I have experienced the spike in pH and hardness. How much of a spike you get will depend on the water in your tank. The spike caused by the eco will gradually resolve. Many plants will grow with a consistent high pH, especially many good beginner plants so it shouldn't be a problem for most plants. I usually add substrate, then plants, then water and this has worked for me. Pour the water into a bowl or onto a stone so your plants and substrate are not overly disturbed.

I'm a fan of eco-complete and use it in many of my tanks. Even better is a bottom layer of plain unfertilized topsoil (1-2" deep) topped with eco-complete (1-2" deep). This gives a nice rich substate, though soil can be messy to work with. And if you scimp on the top layer of eco you will have cloudy or brown water from soil mixing into the water.
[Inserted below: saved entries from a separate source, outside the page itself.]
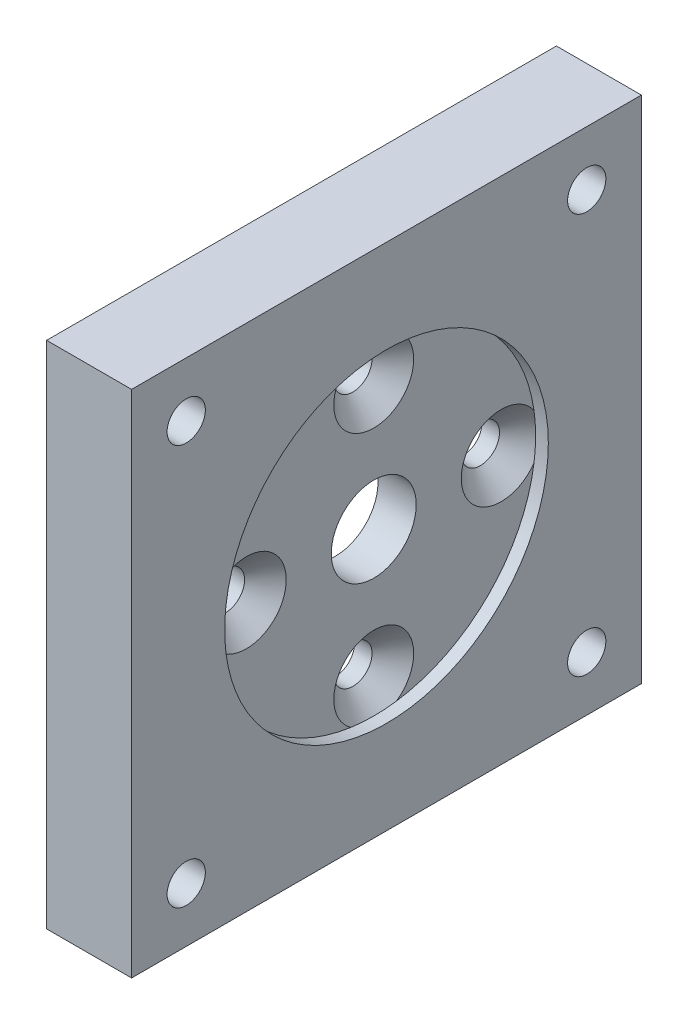
ISO-10303-21;
HEADER;
FILE_DESCRIPTION(('STEP AP214'),'2;1');
FILE_NAME('part.step','',(''),(''),'','','');
FILE_SCHEMA(('AUTOMOTIVE_DESIGN { 1 0 10303 214 1 1 1 1 }'));
ENDSEC;
DATA;
#1=APPLICATION_CONTEXT('core data for automotive mechanical design processes');
#2=APPLICATION_PROTOCOL_DEFINITION('international standard','automotive_design',2000,#1);
#3=PRODUCT_CONTEXT('',#1,'mechanical');
#4=PRODUCT('Part','Part','',(#3));
#5=PRODUCT_RELATED_PRODUCT_CATEGORY('part','',(#4));
#6=PRODUCT_DEFINITION_FORMATION('','',#4);
#7=PRODUCT_DEFINITION_CONTEXT('part definition',#1,'design');
#8=PRODUCT_DEFINITION('design','',#6,#7);
#9=PRODUCT_DEFINITION_SHAPE('','',#8);
#10=(LENGTH_UNIT() NAMED_UNIT(*) SI_UNIT(.MILLI.,.METRE.));
#11=(NAMED_UNIT(*) PLANE_ANGLE_UNIT() SI_UNIT($,.RADIAN.));
#12=(NAMED_UNIT(*) SI_UNIT($,.STERADIAN.) SOLID_ANGLE_UNIT());
#13=UNCERTAINTY_MEASURE_WITH_UNIT(LENGTH_MEASURE(1.E-05),#10,'distance_accuracy_value','');
#14=(GEOMETRIC_REPRESENTATION_CONTEXT(3) GLOBAL_UNCERTAINTY_ASSIGNED_CONTEXT((#13)) GLOBAL_UNIT_ASSIGNED_CONTEXT((#10,
#11,#12)) REPRESENTATION_CONTEXT('',''));
#15=CARTESIAN_POINT('',(0.,0.,0.));
#16=DIRECTION('',(0.,0.,1.));
#17=DIRECTION('',(1.,0.,0.));
#18=AXIS2_PLACEMENT_3D('',#15,#16,#17);
#19=CARTESIAN_POINT('',(0.,0.,0.));
#20=DIRECTION('',(1.,0.,0.));
#21=DIRECTION('',(0.,0.,-1.));
#22=AXIS2_PLACEMENT_3D('',#19,#20,#21);
#23=CYLINDRICAL_SURFACE('',#22,5.);
#24=CARTESIAN_POINT('',(8.5,0.,0.));
#25=DIRECTION('',(1.,0.,0.));
#26=DIRECTION('',(0.,0.,-1.));
#27=AXIS2_PLACEMENT_3D('',#24,#25,#26);
#28=CIRCLE('',#27,5.);
#29=CARTESIAN_POINT('',(8.5,0.,-5.));
#30=VERTEX_POINT('',#29);
#31=EDGE_CURVE('E130',#30,#30,#28,.F.);
#32=ORIENTED_EDGE('',*,*,#31,.F.);
#33=EDGE_LOOP('',(#32));
#34=FACE_BOUND('',#33,.T.);
#35=CARTESIAN_POINT('',(4.,0.,0.));
#36=DIRECTION('',(-1.,0.,0.));
#37=DIRECTION('',(0.,0.,1.));
#38=AXIS2_PLACEMENT_3D('',#35,#36,#37);
#39=CIRCLE('',#38,5.);
#40=CARTESIAN_POINT('',(4.,0.,5.));
#41=VERTEX_POINT('',#40);
#42=EDGE_CURVE('E142',#41,#41,#39,.F.);
#43=ORIENTED_EDGE('',*,*,#42,.F.);
#44=EDGE_LOOP('',(#43));
#45=FACE_BOUND('',#44,.T.);
#46=ADVANCED_FACE('F39',(#34,#45),#23,.F.);
#47=CARTESIAN_POINT('',(10.,30.,-30.));
#48=DIRECTION('',(0.,0.,1.));
#49=DIRECTION('',(0.,-1.,0.));
#50=AXIS2_PLACEMENT_3D('',#47,#48,#49);
#51=PLANE('',#50);
#52=DIRECTION('',(0.,1.,0.));
#53=VECTOR('',#52,1.);
#54=CARTESIAN_POINT('',(0.,30.,-30.));
#55=LINE('',#54,#53);
#56=CARTESIAN_POINT('',(0.,-30.,-30.));
#57=VERTEX_POINT('',#56);
#58=CARTESIAN_POINT('',(0.,30.,-30.));
#59=VERTEX_POINT('',#58);
#60=EDGE_CURVE('E133',#57,#59,#55,.T.);
#61=ORIENTED_EDGE('',*,*,#60,.T.);
#62=DIRECTION('',(-1.,0.,0.));
#63=VECTOR('',#62,1.);
#64=CARTESIAN_POINT('',(10.,30.,-30.));
#65=LINE('',#64,#63);
#66=CARTESIAN_POINT('',(10.,30.,-30.));
#67=VERTEX_POINT('',#66);
#68=EDGE_CURVE('E11',#67,#59,#65,.T.);
#69=ORIENTED_EDGE('',*,*,#68,.F.);
#70=DIRECTION('',(0.,1.,0.));
#71=VECTOR('',#70,1.);
#72=CARTESIAN_POINT('',(10.,30.,-30.));
#73=LINE('',#72,#71);
#74=CARTESIAN_POINT('',(10.,-30.,-30.));
#75=VERTEX_POINT('',#74);
#76=EDGE_CURVE('E230',#75,#67,#73,.T.);
#77=ORIENTED_EDGE('',*,*,#76,.F.);
#78=DIRECTION('',(-1.,0.,0.));
#79=VECTOR('',#78,1.);
#80=CARTESIAN_POINT('',(10.,-30.,-30.));
#81=LINE('',#80,#79);
#82=EDGE_CURVE('E231',#75,#57,#81,.T.);
#83=ORIENTED_EDGE('',*,*,#82,.T.);
#84=EDGE_LOOP('',(#61,#69,#77,#83));
#85=FACE_BOUND('',#84,.T.);
#86=ADVANCED_FACE('F41',(#85),#51,.F.);
#87=CARTESIAN_POINT('',(10.,30.,30.));
#88=DIRECTION('',(0.,-1.,0.));
#89=DIRECTION('',(0.,0.,-1.));
#90=AXIS2_PLACEMENT_3D('',#87,#88,#89);
#91=PLANE('',#90);
#92=DIRECTION('',(0.,0.,1.));
#93=VECTOR('',#92,1.);
#94=CARTESIAN_POINT('',(0.,30.,30.));
#95=LINE('',#94,#93);
#96=CARTESIAN_POINT('',(0.,30.,30.));
#97=VERTEX_POINT('',#96);
#98=EDGE_CURVE('E217',#59,#97,#95,.T.);
#99=ORIENTED_EDGE('',*,*,#98,.T.);
#100=DIRECTION('',(-1.,0.,0.));
#101=VECTOR('',#100,1.);
#102=CARTESIAN_POINT('',(10.,30.,30.));
#103=LINE('',#102,#101);
#104=CARTESIAN_POINT('',(10.,30.,30.));
#105=VERTEX_POINT('',#104);
#106=EDGE_CURVE('E48',#105,#97,#103,.T.);
#107=ORIENTED_EDGE('',*,*,#106,.F.);
#108=DIRECTION('',(0.,0.,1.));
#109=VECTOR('',#108,1.);
#110=CARTESIAN_POINT('',(10.,30.,30.));
#111=LINE('',#110,#109);
#112=EDGE_CURVE('E297',#67,#105,#111,.T.);
#113=ORIENTED_EDGE('',*,*,#112,.F.);
#114=ORIENTED_EDGE('',*,*,#68,.T.);
#115=EDGE_LOOP('',(#99,#107,#113,#114));
#116=FACE_BOUND('',#115,.T.);
#117=ADVANCED_FACE('F272',(#116),#91,.F.);
#118=CARTESIAN_POINT('',(10.,30.,30.));
#119=DIRECTION('',(0.,0.,-1.));
#120=DIRECTION('',(0.,1.,0.));
#121=AXIS2_PLACEMENT_3D('',#118,#119,#120);
#122=PLANE('',#121);
#123=DIRECTION('',(0.,-1.,0.));
#124=VECTOR('',#123,1.);
#125=CARTESIAN_POINT('',(0.,30.,30.));
#126=LINE('',#125,#124);
#127=CARTESIAN_POINT('',(0.,-30.,30.));
#128=VERTEX_POINT('',#127);
#129=EDGE_CURVE('E222',#97,#128,#126,.T.);
#130=ORIENTED_EDGE('',*,*,#129,.T.);
#131=DIRECTION('',(-1.,0.,0.));
#132=VECTOR('',#131,1.);
#133=CARTESIAN_POINT('',(10.,-30.,30.));
#134=LINE('',#133,#132);
#135=CARTESIAN_POINT('',(10.,-30.,30.));
#136=VERTEX_POINT('',#135);
#137=EDGE_CURVE('E233',#136,#128,#134,.T.);
#138=ORIENTED_EDGE('',*,*,#137,.F.);
#139=DIRECTION('',(0.,-1.,0.));
#140=VECTOR('',#139,1.);
#141=CARTESIAN_POINT('',(10.,30.,30.));
#142=LINE('',#141,#140);
#143=EDGE_CURVE('E294',#105,#136,#142,.T.);
#144=ORIENTED_EDGE('',*,*,#143,.F.);
#145=ORIENTED_EDGE('',*,*,#106,.T.);
#146=EDGE_LOOP('',(#130,#138,#144,#145));
#147=FACE_BOUND('',#146,.T.);
#148=ADVANCED_FACE('F283',(#147),#122,.F.);
#149=CARTESIAN_POINT('',(10.,-30.,30.));
#150=DIRECTION('',(0.,1.,0.));
#151=DIRECTION('',(0.,0.,1.));
#152=AXIS2_PLACEMENT_3D('',#149,#150,#151);
#153=PLANE('',#152);
#154=DIRECTION('',(0.,0.,-1.));
#155=VECTOR('',#154,1.);
#156=CARTESIAN_POINT('',(0.,-30.,30.));
#157=LINE('',#156,#155);
#158=EDGE_CURVE('E216',#128,#57,#157,.T.);
#159=ORIENTED_EDGE('',*,*,#158,.T.);
#160=ORIENTED_EDGE('',*,*,#82,.F.);
#161=DIRECTION('',(0.,0.,-1.));
#162=VECTOR('',#161,1.);
#163=CARTESIAN_POINT('',(10.,-30.,30.));
#164=LINE('',#163,#162);
#165=EDGE_CURVE('E225',#136,#75,#164,.T.);
#166=ORIENTED_EDGE('',*,*,#165,.F.);
#167=ORIENTED_EDGE('',*,*,#137,.T.);
#168=EDGE_LOOP('',(#159,#160,#166,#167));
#169=FACE_BOUND('',#168,.T.);
#170=ADVANCED_FACE('F278',(#169),#153,.F.);
#171=CARTESIAN_POINT('',(10.,-30.,-30.));
#172=DIRECTION('',(1.,0.,0.));
#173=DIRECTION('',(0.,0.,-1.));
#174=AXIS2_PLACEMENT_3D('',#171,#172,#173);
#175=PLANE('',#174);
#176=CARTESIAN_POINT('',(10.,23.57,23.57));
#177=DIRECTION('',(-1.,0.,0.));
#178=DIRECTION('',(0.,0.,1.));
#179=AXIS2_PLACEMENT_3D('',#176,#177,#178);
#180=CIRCLE('',#179,2.25);
#181=CARTESIAN_POINT('',(10.,23.57,25.82));
#182=VERTEX_POINT('',#181);
#183=EDGE_CURVE('E177',#182,#182,#180,.T.);
#184=ORIENTED_EDGE('',*,*,#183,.T.);
#185=EDGE_LOOP('',(#184));
#186=FACE_BOUND('',#185,.T.);
#187=CARTESIAN_POINT('',(10.,-23.57,23.57));
#188=DIRECTION('',(-1.,0.,0.));
#189=DIRECTION('',(0.,0.,1.));
#190=AXIS2_PLACEMENT_3D('',#187,#188,#189);
#191=CIRCLE('',#190,2.25);
#192=CARTESIAN_POINT('',(10.,-23.57,25.82));
#193=VERTEX_POINT('',#192);
#194=EDGE_CURVE('E176',#193,#193,#191,.T.);
#195=ORIENTED_EDGE('',*,*,#194,.T.);
#196=EDGE_LOOP('',(#195));
#197=FACE_BOUND('',#196,.T.);
#198=CARTESIAN_POINT('',(10.,-23.57,-23.57));
#199=DIRECTION('',(-1.,0.,0.));
#200=DIRECTION('',(0.,0.,1.));
#201=AXIS2_PLACEMENT_3D('',#198,#199,#200);
#202=CIRCLE('',#201,2.25);
#203=CARTESIAN_POINT('',(10.,-23.57,-21.32));
#204=VERTEX_POINT('',#203);
#205=EDGE_CURVE('E184',#204,#204,#202,.T.);
#206=ORIENTED_EDGE('',*,*,#205,.T.);
#207=EDGE_LOOP('',(#206));
#208=FACE_BOUND('',#207,.T.);
#209=CARTESIAN_POINT('',(10.,23.57,-23.57));
#210=DIRECTION('',(-1.,0.,0.));
#211=DIRECTION('',(0.,0.,1.));
#212=AXIS2_PLACEMENT_3D('',#209,#210,#211);
#213=CIRCLE('',#212,2.25);
#214=CARTESIAN_POINT('',(10.,23.57,-21.32));
#215=VERTEX_POINT('',#214);
#216=EDGE_CURVE('E193',#215,#215,#213,.T.);
#217=ORIENTED_EDGE('',*,*,#216,.T.);
#218=EDGE_LOOP('',(#217));
#219=FACE_BOUND('',#218,.T.);
#220=CARTESIAN_POINT('',(10.,0.,0.));
#221=DIRECTION('',(1.,0.,0.));
#222=DIRECTION('',(0.,0.,-1.));
#223=AXIS2_PLACEMENT_3D('',#220,#221,#222);
#224=CIRCLE('',#223,19.05);
#225=CARTESIAN_POINT('',(10.,0.,-19.05));
#226=VERTEX_POINT('',#225);
#227=EDGE_CURVE('E135',#226,#226,#224,.T.);
#228=ORIENTED_EDGE('',*,*,#227,.F.);
#229=EDGE_LOOP('',(#228));
#230=FACE_BOUND('',#229,.T.);
#231=ORIENTED_EDGE('',*,*,#76,.T.);
#232=ORIENTED_EDGE('',*,*,#112,.T.);
#233=ORIENTED_EDGE('',*,*,#143,.T.);
#234=ORIENTED_EDGE('',*,*,#165,.T.);
#235=EDGE_LOOP('',(#231,#232,#233,#234));
#236=FACE_BOUND('',#235,.T.);
#237=ADVANCED_FACE('F209',(#186,#197,#208,#219,#230,#236),#175,.T.);
#238=CARTESIAN_POINT('',(0.,-30.,-30.));
#239=DIRECTION('',(1.,0.,0.));
#240=DIRECTION('',(0.,0.,-1.));
#241=AXIS2_PLACEMENT_3D('',#238,#239,#240);
#242=PLANE('',#241);
#243=CARTESIAN_POINT('',(0.,23.57,23.57));
#244=DIRECTION('',(-1.,0.,0.));
#245=DIRECTION('',(0.,0.,1.));
#246=AXIS2_PLACEMENT_3D('',#243,#244,#245);
#247=CIRCLE('',#246,2.25);
#248=CARTESIAN_POINT('',(0.,23.57,25.82));
#249=VERTEX_POINT('',#248);
#250=EDGE_CURVE('E173',#249,#249,#247,.T.);
#251=ORIENTED_EDGE('',*,*,#250,.F.);
#252=EDGE_LOOP('',(#251));
#253=FACE_BOUND('',#252,.T.);
#254=CARTESIAN_POINT('',(0.,-23.57,23.57));
#255=DIRECTION('',(-1.,0.,0.));
#256=DIRECTION('',(0.,0.,1.));
#257=AXIS2_PLACEMENT_3D('',#254,#255,#256);
#258=CIRCLE('',#257,2.25);
#259=CARTESIAN_POINT('',(0.,-23.57,25.82));
#260=VERTEX_POINT('',#259);
#261=EDGE_CURVE('E181',#260,#260,#258,.T.);
#262=ORIENTED_EDGE('',*,*,#261,.F.);
#263=EDGE_LOOP('',(#262));
#264=FACE_BOUND('',#263,.T.);
#265=CARTESIAN_POINT('',(0.,-23.57,-23.57));
#266=DIRECTION('',(-1.,0.,0.));
#267=DIRECTION('',(0.,0.,1.));
#268=AXIS2_PLACEMENT_3D('',#265,#266,#267);
#269=CIRCLE('',#268,2.25);
#270=CARTESIAN_POINT('',(0.,-23.57,-21.32));
#271=VERTEX_POINT('',#270);
#272=EDGE_CURVE('E187',#271,#271,#269,.T.);
#273=ORIENTED_EDGE('',*,*,#272,.F.);
#274=EDGE_LOOP('',(#273));
#275=FACE_BOUND('',#274,.T.);
#276=CARTESIAN_POINT('',(0.,23.57,-23.57));
#277=DIRECTION('',(-1.,0.,0.));
#278=DIRECTION('',(0.,0.,1.));
#279=AXIS2_PLACEMENT_3D('',#276,#277,#278);
#280=CIRCLE('',#279,2.25);
#281=CARTESIAN_POINT('',(0.,23.57,-21.32));
#282=VERTEX_POINT('',#281);
#283=EDGE_CURVE('E190',#282,#282,#280,.T.);
#284=ORIENTED_EDGE('',*,*,#283,.F.);
#285=EDGE_LOOP('',(#284));
#286=FACE_BOUND('',#285,.T.);
#287=CARTESIAN_POINT('',(0.,0.,0.));
#288=DIRECTION('',(-1.,0.,0.));
#289=DIRECTION('',(0.,0.,1.));
#290=AXIS2_PLACEMENT_3D('',#287,#288,#289);
#291=CIRCLE('',#290,22.4);
#292=CARTESIAN_POINT('',(0.,0.,22.4));
#293=VERTEX_POINT('',#292);
#294=EDGE_CURVE('E196',#293,#293,#291,.T.);
#295=ORIENTED_EDGE('',*,*,#294,.F.);
#296=EDGE_LOOP('',(#295));
#297=FACE_BOUND('',#296,.T.);
#298=ORIENTED_EDGE('',*,*,#60,.F.);
#299=ORIENTED_EDGE('',*,*,#158,.F.);
#300=ORIENTED_EDGE('',*,*,#129,.F.);
#301=ORIENTED_EDGE('',*,*,#98,.F.);
#302=EDGE_LOOP('',(#298,#299,#300,#301));
#303=FACE_BOUND('',#302,.T.);
#304=ADVANCED_FACE('F206',(#253,#264,#275,#286,#297,#303),#242,.F.);
#305=CARTESIAN_POINT('',(8.5,0.,0.));
#306=DIRECTION('',(1.,0.,0.));
#307=DIRECTION('',(0.,0.,-1.));
#308=AXIS2_PLACEMENT_3D('',#305,#306,#307);
#309=PLANE('',#308);
#310=CARTESIAN_POINT('',(8.5,15.,0.));
#311=DIRECTION('',(1.,0.,0.));
#312=DIRECTION('',(0.,0.,-1.));
#313=AXIS2_PLACEMENT_3D('',#310,#311,#312);
#314=CIRCLE('',#313,4.7);
#315=CARTESIAN_POINT('',(8.5,18.8604166666667,2.68089223202317));
#316=VERTEX_POINT('',#315);
#317=CARTESIAN_POINT('',(8.5,18.8604166666667,-2.68089223202317));
#318=VERTEX_POINT('',#317);
#319=EDGE_CURVE('E116',#316,#318,#314,.T.);
#320=ORIENTED_EDGE('',*,*,#319,.F.);
#321=CARTESIAN_POINT('',(8.5,0.,0.));
#322=DIRECTION('',(1.,0.,0.));
#323=DIRECTION('',(0.,0.,-1.));
#324=AXIS2_PLACEMENT_3D('',#321,#322,#323);
#325=CIRCLE('',#324,19.05);
#326=CARTESIAN_POINT('',(8.5,2.68089223202435,18.8604166666665));
#327=VERTEX_POINT('',#326);
#328=EDGE_CURVE('E63',#316,#327,#325,.T.);
#329=ORIENTED_EDGE('',*,*,#328,.T.);
#330=CARTESIAN_POINT('',(8.5,0.,15.));
#331=DIRECTION('',(1.,0.,0.));
#332=DIRECTION('',(0.,0.,-1.));
#333=AXIS2_PLACEMENT_3D('',#330,#331,#332);
#334=CIRCLE('',#333,4.7);
#335=CARTESIAN_POINT('',(8.5,-2.68089223202318,18.8604166666667));
#336=VERTEX_POINT('',#335);
#337=EDGE_CURVE('E152',#336,#327,#334,.T.);
#338=ORIENTED_EDGE('',*,*,#337,.F.);
#339=CARTESIAN_POINT('',(8.5,-18.8604166666665,2.68089223202435));
#340=VERTEX_POINT('',#339);
#341=EDGE_CURVE('E113',#336,#340,#325,.T.);
#342=ORIENTED_EDGE('',*,*,#341,.T.);
#343=CARTESIAN_POINT('',(8.5,-15.,0.));
#344=DIRECTION('',(1.,0.,0.));
#345=DIRECTION('',(0.,0.,-1.));
#346=AXIS2_PLACEMENT_3D('',#343,#344,#345);
#347=CIRCLE('',#346,4.7);
#348=CARTESIAN_POINT('',(8.5,-18.8604166666667,-2.68089223202317));
#349=VERTEX_POINT('',#348);
#350=EDGE_CURVE('E149',#349,#340,#347,.T.);
#351=ORIENTED_EDGE('',*,*,#350,.F.);
#352=CARTESIAN_POINT('',(8.5,-2.68089223202318,-18.8604166666667));
#353=VERTEX_POINT('',#352);
#354=EDGE_CURVE('E127',#349,#353,#325,.T.);
#355=ORIENTED_EDGE('',*,*,#354,.T.);
#356=CARTESIAN_POINT('',(8.5,0.,-15.));
#357=DIRECTION('',(1.,0.,0.));
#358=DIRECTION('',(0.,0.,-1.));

If you are interested in this type of substrate check out the El Natural section of the forum.


----------



## plamski (Oct 27, 2009)

I have It mixed with regular black gravel 60% to 40%.My PH 6.4,GH 4 and KH 5 are stable for 5 months now.


----------



## WhiteDevil (May 7, 2009)

I used 5 bags for a 45g tall tank and 4 bags for a 40g tall tank.


I have a tank with flourite in it as well, the eco complete is so much easier to work with and the sheer root growth between the flourite and eco complete is no competition, eco complete truly is a great planting substrate.


----------